WHAT YOU HAVE TO DO>
Where a line of the records holds the string "units", copy that line.

Recorded data>
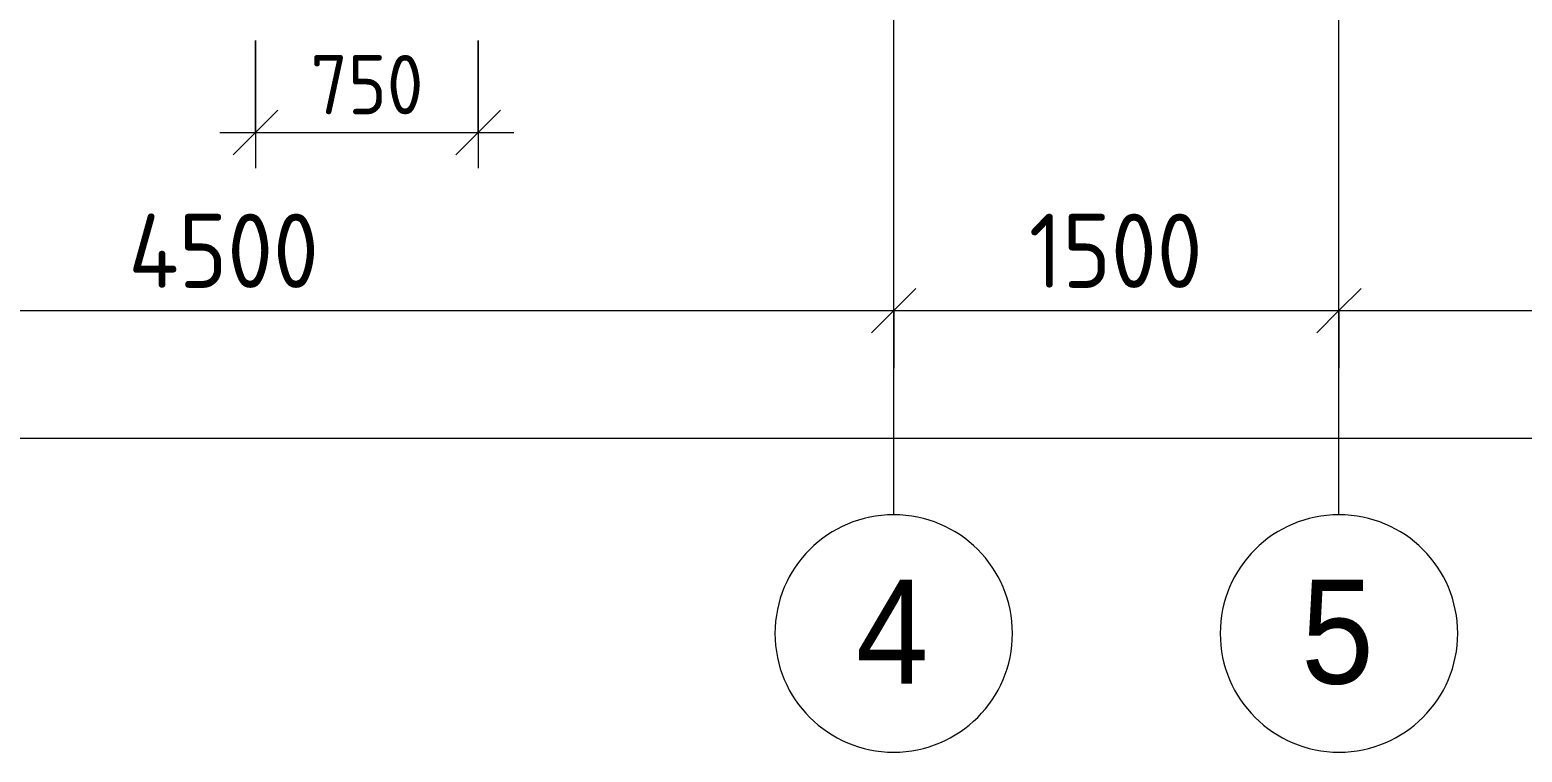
# Model space of a CAD drawing. Header units: millimetres. Extents: x 957 to 217451, y -8553 to 29000.
# Drawn here: x 39093 to 44120, y -2706 to -273 of the extents above; entities that cross this region are included whole.
import ezdxf

# ---------------------------------------------------------------- set-up
doc = ezdxf.new("R2010")
doc.units = ezdxf.units.MM
for name, color, linetype, lineweight in [('A-ANNO-DIMS', 7, 'Continuous', 9), ('A-ANNO-DIMS-100', 7, 'Continuous', 9), ('Оси', 7, 'Continuous', 9), ('Оси-1', 7, 'Continuous', 20)]:
    doc.layers.add(name, color=color, linetype=linetype, lineweight=lineweight)
doc.styles.add('Arial', font='arial.ttf', dxfattribs={"width": 0.9, "height": 350})
doc.styles.add('ISOCPEUR_2', font='isocpeur.ttf', dxfattribs={"width": 0.9, "height": 250})
doc.styles.add('ISOCPEUR_3', font='isocpeur.ttf', dxfattribs={"width": 0.9, "height": 200})
doc.dimstyles.new('ISO-2_0_0_9К_Средний_округл2', dxfattribs={"dimscale": 304.8, "dimtxt": 199.196235, "dimasz": 0.492126, "dimexe": 0.393701, "dimexo": 0, "dimgap": 0, "dimtad": 1, "dimdec": 0, "dimrnd": 10, "dimzin": 0, "dimdsep": 46, "dimtxsty": 'ISOCPEUR_3', "dimblk1": 'OBLIQUE', "dimblk2": 'OBLIQUE', "dimsah": 1, "dimcen": 0.09, "dimdle": 0.393701, "dimazin": 0, "dimtfac": 1, "dimtdec": 4, "dimtix": 1, "dimtmove": 0, "dimatfit": 3, "dimfxl": 1, "dimtvp": 1, "dimtolj": 1, "dimtzin": 0, "dimarcsym": 2})
doc.dimstyles.new('ISO-2_5_0_9К_БОЛЬШОЙ', dxfattribs={"dimscale": 304.8, "dimtxt": 248.995294, "dimasz": 0.492126, "dimexe": 0.393701, "dimexo": 0.984252, "dimgap": 0, "dimtad": 1, "dimdec": 0, "dimrnd": 10, "dimzin": 0, "dimdsep": 46, "dimtxsty": 'ISOCPEUR_2', "dimblk1": 'OBLIQUE', "dimblk2": 'OBLIQUE', "dimsah": 1, "dimcen": 0.09, "dimdle": 0.393701, "dimazin": 0, "dimtfac": 1, "dimtdec": 4, "dimtix": 1, "dimtmove": 0, "dimatfit": 3, "dimfxl": 1, "dimtvp": 1, "dimtolj": 1, "dimtzin": 0, "dimarcsym": 2})

# ---------------------------------------------------------------- blocks, each defined once
blk = doc.blocks.new('Ось сетки - D8-29747960-План расстановки мебели и оборудования 3 этажа в осях 1-12')
at = {"layer": 'Оси-1'}
for start, end in [(360, 180), (180, 360)]:
    blk.add_arc((0, 0), 4, start, end, dxfattribs=at)
blk = doc.blocks.new('DIMBLOCK4-План расстановки мебели и оборудования 3 этажа в осях 1-12')
at = {"layer": 'A-ANNO-DIMS-100'}
for p, q in [((37503.2, -1412.5), (37503.2, -1098.6)), ((42003.2, -1412.5), (42003.2, -1098.6)), ((37503.2, -1218.6), (42003.2, -1218.6)), ((37503.2, -1218.6), (37503.2, -1412.5)), ((42003.2, -1218.6), (42003.2, -1412.5))]:
    blk.add_line(p, q, dxfattribs=at)
at = {"layer": 'A-ANNO-DIMS-100', "lineweight": 20}
for p, q in [((37503.2, -1218.6), (37578.2, -1143.6)), ((42003.2, -1218.6), (42078.2, -1143.6)), ((37503.2, -1218.6), (37428.2, -1293.6)), ((42003.2, -1218.6), (41928.2, -1293.6))]:
    blk.add_line(p, q, dxfattribs=at)
at = {"layer": 'A-ANNO-DIMS-100', "color": 0, "insert": (39425.2, -892), "char_height": 250, "width": 787.208, "attachment_point": 1, "line_spacing_factor": 1.149209, "style": 'ISOCPEUR_2'}
blk.add_mtext('4500', dxfattribs=at)
blk = doc.blocks.new('_Oblique')
at = {"color": 0, "linetype": 'ByBlock', "lineweight": -2}
blk.add_line((-0.5, -0.5), (0.5, 0.5), dxfattribs=at)
blk = doc.blocks.new('DIMBLOCK5-План расстановки мебели и оборудования 3 этажа в осях 1-12')
at = {"layer": 'A-ANNO-DIMS-100'}
for p, q in [((42003.2, -1412.5), (42003.2, -1098.6)), ((43503.2, -1412.5), (43503.2, -1098.6)), ((42003.2, -1218.6), (43503.2, -1218.6)), ((42003.2, -1218.6), (42003.2, -1412.5)), ((43503.2, -1218.6), (43503.2, -1412.5))]:
    blk.add_line(p, q, dxfattribs=at)
at = {"layer": 'A-ANNO-DIMS-100', "lineweight": 20}
for p, q in [((42003.2, -1218.6), (42078.2, -1143.6)), ((43503.2, -1218.6), (43578.2, -1143.6)), ((42003.2, -1218.6), (41928.2, -1293.6)), ((43503.2, -1218.6), (43428.2, -1293.6))]:
    blk.add_line(p, q, dxfattribs=at)
at = {"layer": 'A-ANNO-DIMS-100', "color": 0, "insert": (42458.7, -892), "char_height": 250, "width": 706.764, "attachment_point": 1, "line_spacing_factor": 1.149209, "style": 'ISOCPEUR_2'}
blk.add_mtext('1500', dxfattribs=at)
blk = doc.blocks.new('DIMBLOCK6-План расстановки мебели и оборудования 3 этажа в осях 1-12')
at = {"layer": 'A-ANNO-DIMS-100'}
for p, q in [((43503.2, -1412.5), (43503.2, -1098.6)), ((46503.2, -1412.5), (46503.2, -1098.6)), ((43503.2, -1218.6), (46503.2, -1218.6)), ((43503.2, -1218.6), (43503.2, -1412.5)), ((46503.2, -1218.6), (46503.2, -1412.5))]:
    blk.add_line(p, q, dxfattribs=at)
at = {"layer": 'A-ANNO-DIMS-100', "lineweight": 20}
for p, q in [((43503.2, -1218.6), (43578.2, -1143.6)), ((46503.2, -1218.6), (46578.2, -1143.6)), ((43503.2, -1218.6), (43428.2, -1293.6)), ((46503.2, -1218.6), (46428.2, -1293.6))]:
    blk.add_line(p, q, dxfattribs=at)
at = {"layer": 'A-ANNO-DIMS-100', "color": 0, "insert": (44687.1, -892), "char_height": 250, "width": 758.478, "attachment_point": 1, "line_spacing_factor": 1.149209, "style": 'ISOCPEUR_2'}
blk.add_mtext('3000', dxfattribs=at)
blk = doc.blocks.new('DIMBLOCK64-План расстановки мебели и оборудования 3 этажа в осях 1-12')
at = {"layer": 'A-ANNO-DIMS-100'}
for p, q in [((39852.9, -308), (39852.9, -738.4)), ((39852.9, -618.4), (39852.9, -308)), ((40603.2, -308), (40603.2, -738.4)), ((40603.2, -618.4), (40603.2, -308)), ((39732.9, -618.4), (40723.2, -618.4))]:
    blk.add_line(p, q, dxfattribs=at)
at = {"layer": 'A-ANNO-DIMS-100', "lineweight": 20}
for p, q in [((39852.9, -618.4), (39927.9, -543.4)), ((40603.2, -618.4), (40678.2, -543.4)), ((39852.9, -618.4), (39777.9, -693.4)), ((40603.2, -618.4), (40528.2, -693.4))]:
    blk.add_line(p, q, dxfattribs=at)
at = {"layer": 'A-ANNO-DIMS-100', "color": 0, "insert": (40038.4, -357.2), "char_height": 200, "width": 455.087, "attachment_point": 1, "line_spacing_factor": 1.149209, "style": 'ISOCPEUR_3'}
blk.add_mtext('750', dxfattribs=at)
blk = doc.blocks.new('DIMBLOCK65-План расстановки мебели и оборудования 3 этажа в осях 1-12')
at = {"layer": 'A-ANNO-DIMS-100'}
for p, q in [((29603.2, -1842.1), (29603.2, -1528.1)), ((67803.2, -1842.1), (67803.2, -1528.1)), ((29483.2, -1648.1), (67923.2, -1648.1)), ((29603.2, -1648.1), (29603.2, -1842.1)), ((67803.2, -1648.1), (67803.2, -1842.1))]:
    blk.add_line(p, q, dxfattribs=at)
at = {"layer": 'A-ANNO-DIMS-100', "lineweight": 20}
for p, q in [((29603.2, -1648.1), (29678.2, -1573.1)), ((67803.2, -1648.1), (67878.2, -1573.1)), ((29603.2, -1648.1), (29528.2, -1723.1)), ((67803.2, -1648.1), (67728.2, -1723.1))]:
    blk.add_line(p, q, dxfattribs=at)
at = {"layer": 'A-ANNO-DIMS-100', "color": 0, "insert": (48308.1, -1321.5), "char_height": 250, "width": 948.097, "attachment_point": 1, "line_spacing_factor": 1.149209, "style": 'ISOCPEUR_2'}
blk.add_mtext('38200', dxfattribs=at)

msp = doc.modelspace()

# ---------------------------------------------------------------- linework, layer by layer
at = {"layer": 'Оси'}
for p, q in [((42003.2, -1906.3), (42003.2, 593.7)), ((43503.2, -1906.3), (43503.2, 593.7))]:
    msp.add_line(p, q, dxfattribs=at)

# ---------------------------------------------------------------- block references
at = {"layer": 'Оси-1', "xscale": 99.99999999999993, "yscale": 99.99999999999993, "zscale": 99.99999999999993}
for p in [(42003.2, -2306.3), (43503.2, -2306.3)]:
    msp.add_blockref('Ось сетки - D8-29747960-План расстановки мебели и оборудования 3 этажа в осях 1-12', p, dxfattribs=at)

# ---------------------------------------------------------------- texts
at = {"layer": 'Оси', "char_height": 350, "width": 303.038, "attachment_point": 1, "style": 'Arial'}
for s, insert in [('\\fArial|b0|i0|c204|p34|;\\W.9;4', (41875.7, -2125.6)), ('\\fArial|b0|i0|c204|p34|;\\W.9;5', (43375.7, -2125.6))]:
    msp.add_mtext(s, dxfattribs=dict(at, insert=insert))

# ---------------------------------------------------------------- dimensions: what is measured, and where the dimension line sits
at = {"layer": 'A-ANNO-DIMS'}
for base, p1, p2, dimstyle, override, picture, middle in [((40603.2, -618.4), (39852.9, -308), (40603.2, -308), 'ISO-2_0_0_9К_Средний_округл2', {"dimpost": '<>', "dimfxl": 750.256578}, 'DIMBLOCK64-План расстановки мебели и оборудования 3 этажа в осях 1-12', (40228, -518.4)), ((42003.2, -1218.6), (37503.2, -1112.5), (42003.2, -1112.5), 'ISO-2_5_0_9К_БОЛЬШОЙ', {"dimpost": '<>', "dimfxl": 4500}, 'DIMBLOCK4-План расстановки мебели и оборудования 3 этажа в осях 1-12', (39753.2, -1093.6)), ((43503.2, -1218.6), (42003.2, -1112.5), (43503.2, -1112.5), 'ISO-2_5_0_9К_БОЛЬШОЙ', {"dimpost": '<>', "dimfxl": 1500}, 'DIMBLOCK5-План расстановки мебели и оборудования 3 этажа в осях 1-12', (42753.2, -1093.6)), ((46503.2, -1218.6), (43503.2, -1112.5), (46503.2, -1112.5), 'ISO-2_5_0_9К_БОЛЬШОЙ', {"dimpost": '<>', "dimfxl": 3000}, 'DIMBLOCK6-План расстановки мебели и оборудования 3 этажа в осях 1-12', (45003.2, -1093.6)), ((67803.2, -1648.1), (29603.2, -1542.1), (67803.2, -1542.1), 'ISO-2_5_0_9К_БОЛЬШОЙ', {"dimpost": '<>', "dimfxl": 38199.999966}, 'DIMBLOCK65-План расстановки мебели и оборудования 3 этажа в осях 1-12', (48703.2, -1523.1))]:
    dim = msp.add_linear_dim(base=base, p1=p1, p2=p2, dimstyle=dimstyle, override=override, dxfattribs=at)
    dim.commit()
    dim.dimension.update_dxf_attribs({"geometry": picture, "text_midpoint": middle})

doc.saveas('drawing.dxf')

RESPONSE BOX>
# Model space of a CAD drawing. Header units: millimetres. Extents: x 957 to 217451, y -8553 to 29000.
doc.units = ezdxf.units.MM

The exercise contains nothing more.